Stored entries:
* * * * * * * * *

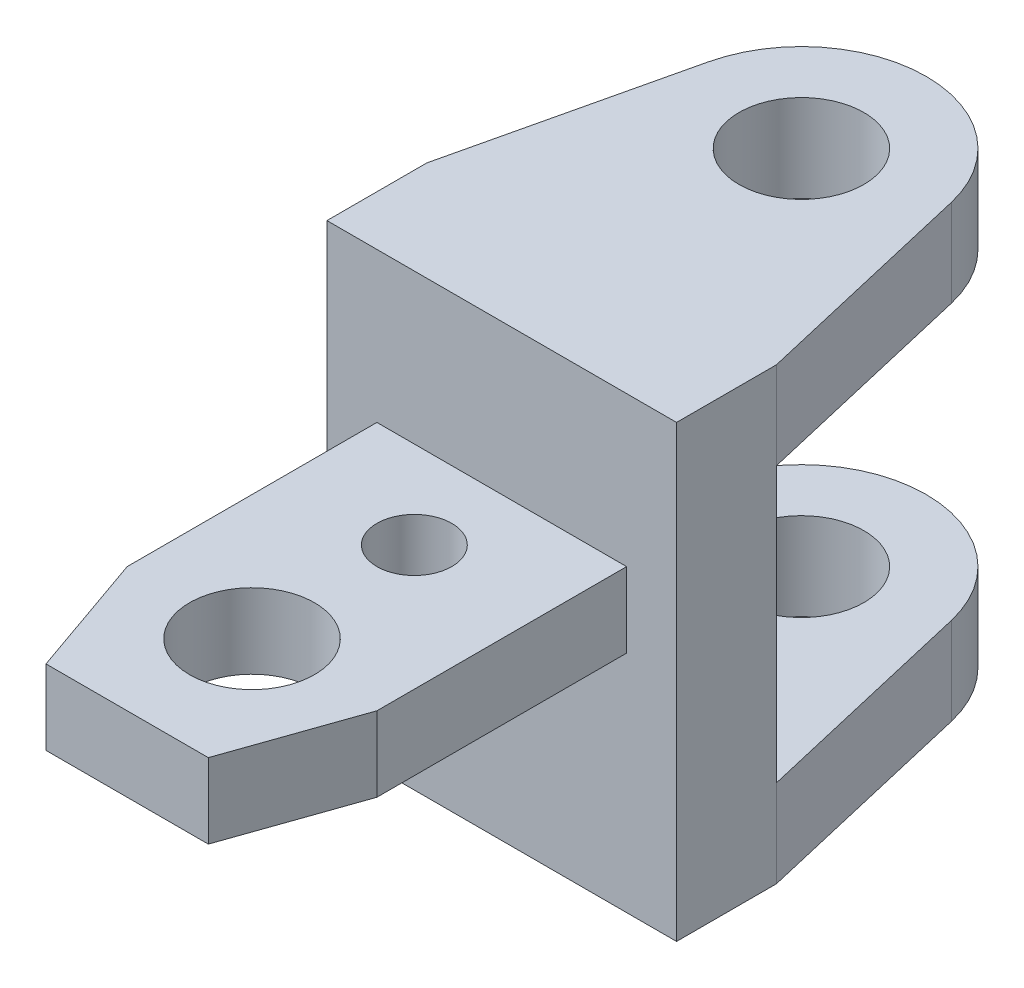
SolidWorks part; units mm, degrees
ref_plane "Front Plane" through (0, 0, 0) normal (0, 0, 1) x (1, 0, 0)
ref_plane "Top Plane" through (0, 0, 0) normal (0, 1, 0) x (1, 0, 0)
ref_plane "Right Plane" through (0, 0, 0) normal (1, 0, 0) x (0, 0, -1)
sketch "Sketch1" plane through (0, 0, 0) normal (0, 0, 1) x (1, 0, 0)
  line L1 (-14, -18) -> (14, -18)
  line L2 (-14, -18) -> (-14, 18)
  line L3 (-14, 18) -> (14, 18)
  line L4 (14, -18) -> (14, 18)
  line L5 (-14, -18) -> (14, 18) construction
  line L6 (-14, 18) -> (14, -18) construction
  point P0 (0, 0)
  point P6 (0, 0)
  dimension "D1" = 28
  dimension "D2" = 36
extrude "Boss-Extrude2" add sketch "Sketch1" against normal blind 8
sketch "Sketch3" plane through (0, 18, 0) normal (0, 1, 0) x (1, 0, 0)
  line L0 (-14, 8) -> (14, 8)
  line L1 (14, 8) -> (9.7386, 26.2713)
  line L2 (-9.7386, 26.2713) -> (-14, 8)
  line L3 (0, 8) -> (0, 39.4073) construction
  line L4 (14, 0) -> (-14, 0) construction
  arc A0 (9.7386, 26.2713) -> (-9.7386, 26.2713) centre (0, 24) ccw
  circle A1 centre (0, 24) radius 5
  dimension "D1" = 10
  dimension "D2" = 10
  dimension "D3" = 24
extrude "Boss-Extrude3" add sketch "Sketch3" against normal blind 7
mirror "Mirror1" about plane through (0, 0, 0) normal (0, 1, 0) of "Boss-Extrude3"
sketch "Sketch4" plane through (0, 0, 0) normal (1, 0, 0) x (0, 0, -1)
  line L0 (8, 18) -> (0, 18) construction
  line L1 (-30, 0) -> (0, 0)
  line L2 (-30, 0) -> (-30, 6)
  line L3 (-30, 6) -> (0, 6)
  line L4 (0, 0) -> (0, 6)
  line L5 (-30, 0) -> (0, 6) construction
  line L6 (-30, 6) -> (0, 0) construction
  line L7 (0, -18) -> (0, 18) construction
  point P0 (-15, 3)
  dimension "D1" = 12
  dimension "D2" = 6
  dimension "D3" = 30
extrude "Boss-Extrude4" add sketch "Sketch4" along normal mid plane 20
chamfer "Chamfer1" distance 10 distance2 3.5 1 edges at (-10, 3, 30)
chamfer "Chamfer2" distance 3.5 distance2 10 1 edges at (10, 3, 30)
sketch "Sketch5" plane through (0, 6, 0) normal (0, 1, 0) x (1, 0, 0)
  line L0 (0, 0) -> (0, -30) construction
  line L1 (6.5, -30) -> (-6.5, -30) construction
  line L2 (10, 0) -> (-10, 0) construction
  circle A0 centre (0, -7) radius 3
  circle A1 centre (0, -20) radius 5
  dimension "D2" = 6
  dimension "D4" = 10
  dimension "D1" = 7
  dimension "D3" = 13
extrude "Cut-Extrude1" cut sketch "Sketch5" against normal up to next

* * * * * * * * *

EXERCISE AIM – For each line of the entries that holds the word "Boss", pull that line out.

TASK OUTPUT –
extrude "Boss-Extrude2" add sketch "Sketch1" against normal blind 8
extrude "Boss-Extrude3" add sketch "Sketch3" against normal blind 7
mirror "Mirror1" about plane through (0, 0, 0) normal (0, 1, 0) of "Boss-Extrude3"
extrude "Boss-Extrude4" add sketch "Sketch4" along normal mid plane 20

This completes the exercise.